Contracts with a force majeure clause often list (very) specific potential calamities. If any of those calamities come to pass, a contracted party is allowed to back out of the deal with no penalty.

Force majeure events often written into contracts include:

  • “Acts of God,” which often include severe weather, floods, earthquakes, hurricanes, fires, etc.
  • Acts of war
  • Acts of terrorism
  • Acts of government authorities
  • Strikes or labor disputes
  • An inability to secure materials
  • Other causes beyond the reasonable control of a party

Do all contracts have force majeure clauses?

Force majeure clauses are almost always written into business-to-business contracts.

However, personal mortgages usually do not contain force majeure clauses. Neither do apartment leases or contracts for home improvements.

Commercial leases and development projects often do, and those clauses may be invoked due to COVID-19.

“You’re seeing a lot of activity on the on the [commercial] leasing front now with the argument of force majeure,” says Jack Fersko, co-chair of the real estate department at the law firm Greenbaum, Rowe, Smith, & Davis LLP in New Jersey and co-chair of the American Bar Association’s real estate section committee.

Businesses “can’t use the space—whether it is because of the virus, which has closed operations down, or [because of local] government orders.”

Construction firms might also invoke the clause if they’re unable to meet deadlines or milestones on a development project. Adding to the confusion is that each state has different requirements for force majeure clauses, which means there’s no one-size-fits-all option.
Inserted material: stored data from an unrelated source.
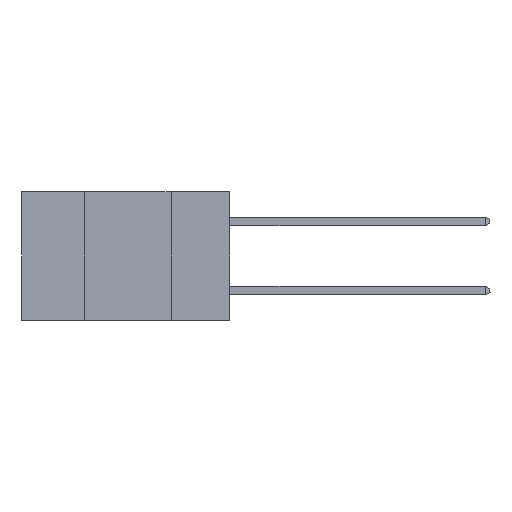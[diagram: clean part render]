
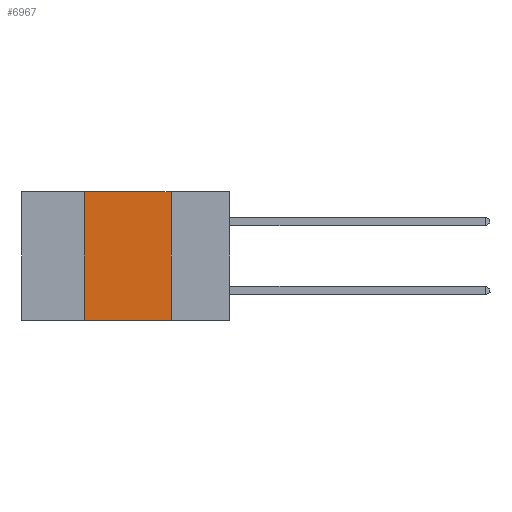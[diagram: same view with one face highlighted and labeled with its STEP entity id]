
A CAD part, left-side view. The second image highlights one B-rep face of the part: STEP entity #6967.
In plain terms, the highlighted planar face has unit normal (-1, 0, 0).
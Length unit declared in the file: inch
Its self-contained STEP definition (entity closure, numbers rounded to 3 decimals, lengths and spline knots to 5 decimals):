
#312 = CARTESIAN_POINT ( 'NONE',  ( 0., 0.17, 0. ) ) ;
#799 = VERTEX_POINT ( 'NONE', #8852 ) ;
#802 = VERTEX_POINT ( 'NONE', #8661 ) ;
#1016 = CARTESIAN_POINT ( 'NONE',  ( 0., 0.6, 0. ) ) ;
#1094 = EDGE_CURVE ( 'NONE', #802, #5117, #3028, .T. ) ;
#1305 = ORIENTED_EDGE ( 'NONE', *, *, #1094, .F. ) ;
#1998 = DIRECTION ( 'NONE',  ( 0., -1., 0. ) ) ;
#2293 = AXIS2_PLACEMENT_3D ( 'NONE', #5470, #5366, #8980 ) ;
#2828 = PLANE ( 'NONE',  #2293 ) ;
#2871 = DIRECTION ( 'NONE',  ( 0., -1., 0. ) ) ;
#3028 = LINE ( 'NONE', #13762, #6150 ) ;
#3213 = LINE ( 'NONE', #9444, #12177 ) ;
#4234 = LINE ( 'NONE', #9904, #13357 ) ;
#5117 = VERTEX_POINT ( 'NONE', #12689 ) ;
#5366 = DIRECTION ( 'NONE',  ( 1., 0., 0. ) ) ;
#5470 = CARTESIAN_POINT ( 'NONE',  ( 0., 0.6, 0. ) ) ;
#5865 = EDGE_LOOP ( 'NONE', ( #6558, #10778, #1305, #9759 ) ) ;
#6048 = VECTOR ( 'NONE', #1998, 39.37008 ) ;
#6150 = VECTOR ( 'NONE', #6798, 39.37008 ) ;
#6462 = VERTEX_POINT ( 'NONE', #312 ) ;
#6558 = ORIENTED_EDGE ( 'NONE', *, *, #6769, .F. ) ;
#6769 = EDGE_CURVE ( 'NONE', #6462, #799, #3213, .T. ) ;
#6798 = DIRECTION ( 'NONE',  ( 0., 0., 1. ) ) ;
#6967 = ADVANCED_FACE ( 'NONE', ( #11433 ), #2828, .F. ) ;
#8661 = CARTESIAN_POINT ( 'NONE',  ( 0., 0.42, -0.37 ) ) ;
#8852 = CARTESIAN_POINT ( 'NONE',  ( 0., 0.17, -0.37 ) ) ;
#8953 = EDGE_CURVE ( 'NONE', #802, #799, #4234, .T. ) ;
#8980 = DIRECTION ( 'NONE',  ( 0., 0., -1. ) ) ;
#9157 = LINE ( 'NONE', #1016, #6048 ) ;
#9244 = EDGE_CURVE ( 'NONE', #5117, #6462, #9157, .T. ) ;
#9444 = CARTESIAN_POINT ( 'NONE',  ( 0., 0.17, 0. ) ) ;
#9759 = ORIENTED_EDGE ( 'NONE', *, *, #8953, .T. ) ;
#9904 = CARTESIAN_POINT ( 'NONE',  ( 0., 0.6, -0.37 ) ) ;
#10778 = ORIENTED_EDGE ( 'NONE', *, *, #9244, .F. ) ;
#11433 = FACE_OUTER_BOUND ( 'NONE', #5865, .T. ) ;
#11644 = DIRECTION ( 'NONE',  ( 0., 0., -1. ) ) ;
#12177 = VECTOR ( 'NONE', #11644, 39.37008 ) ;
#12689 = CARTESIAN_POINT ( 'NONE',  ( 0., 0.42, 0. ) ) ;
#13357 = VECTOR ( 'NONE', #2871, 39.37008 ) ;
#13762 = CARTESIAN_POINT ( 'NONE',  ( 0., 0.42, 0. ) ) ;

Invoking a force majeure clause

By definition, an act of force majeure must prevent one or both parties from performing a service listed in the contract.

But economic hardship is not a reason to invoke force majeure.

“Anybody can always claim economic hardship. If your company goes into bankruptcy, that doesn’t void a contract, and you can’t get out of it by force majeure,” says Goodman.

As always, the key for consumers is: Be aware of all terms in any contract.

Courts around the country are already investigating COVID-19 and how it might relate to force majeure.

“I think it’s important to point out that this is such a unique situation. We’re already hearing that courts are treating things differently than one might expect—like not calling this an act of God,” Goodman says.

Fersko adds that there isn’t much legal precedent for the current crisis.

“I guess we’ll look to fall back to the early 1900s with the flu. We’ll look to other events in history that may be akin to this, and see what sort of case law evolved from that,” he says.

“In many respects, this being a worldwide pandemic, it’s certainly going to create some novel legal issues.”

Future contracts are likely to include allowance for pandemics

“Force majeure clauses are all written differently,” Goodman explains. She adds that she has seen some clauses with the word “epidemic,” but none with the word “pandemic.”

That will change, of course, after the coronavirus outbreak.

“Most force majeures after 9/11 added terrorism to the clauses. It was never in it before, because nobody really thought of it—because it wasn’t really part of our society,” Goodman says.

“I think pandemics and epidemics are going to be added to every force majeure clause. Attorneys are already advising their clients to do that.”

The key to a force majeure event is its unpredictability. However, if an unfortunate event or disaster was something that you could and should have prepared for, it’s nearly impossible to invoke the clause.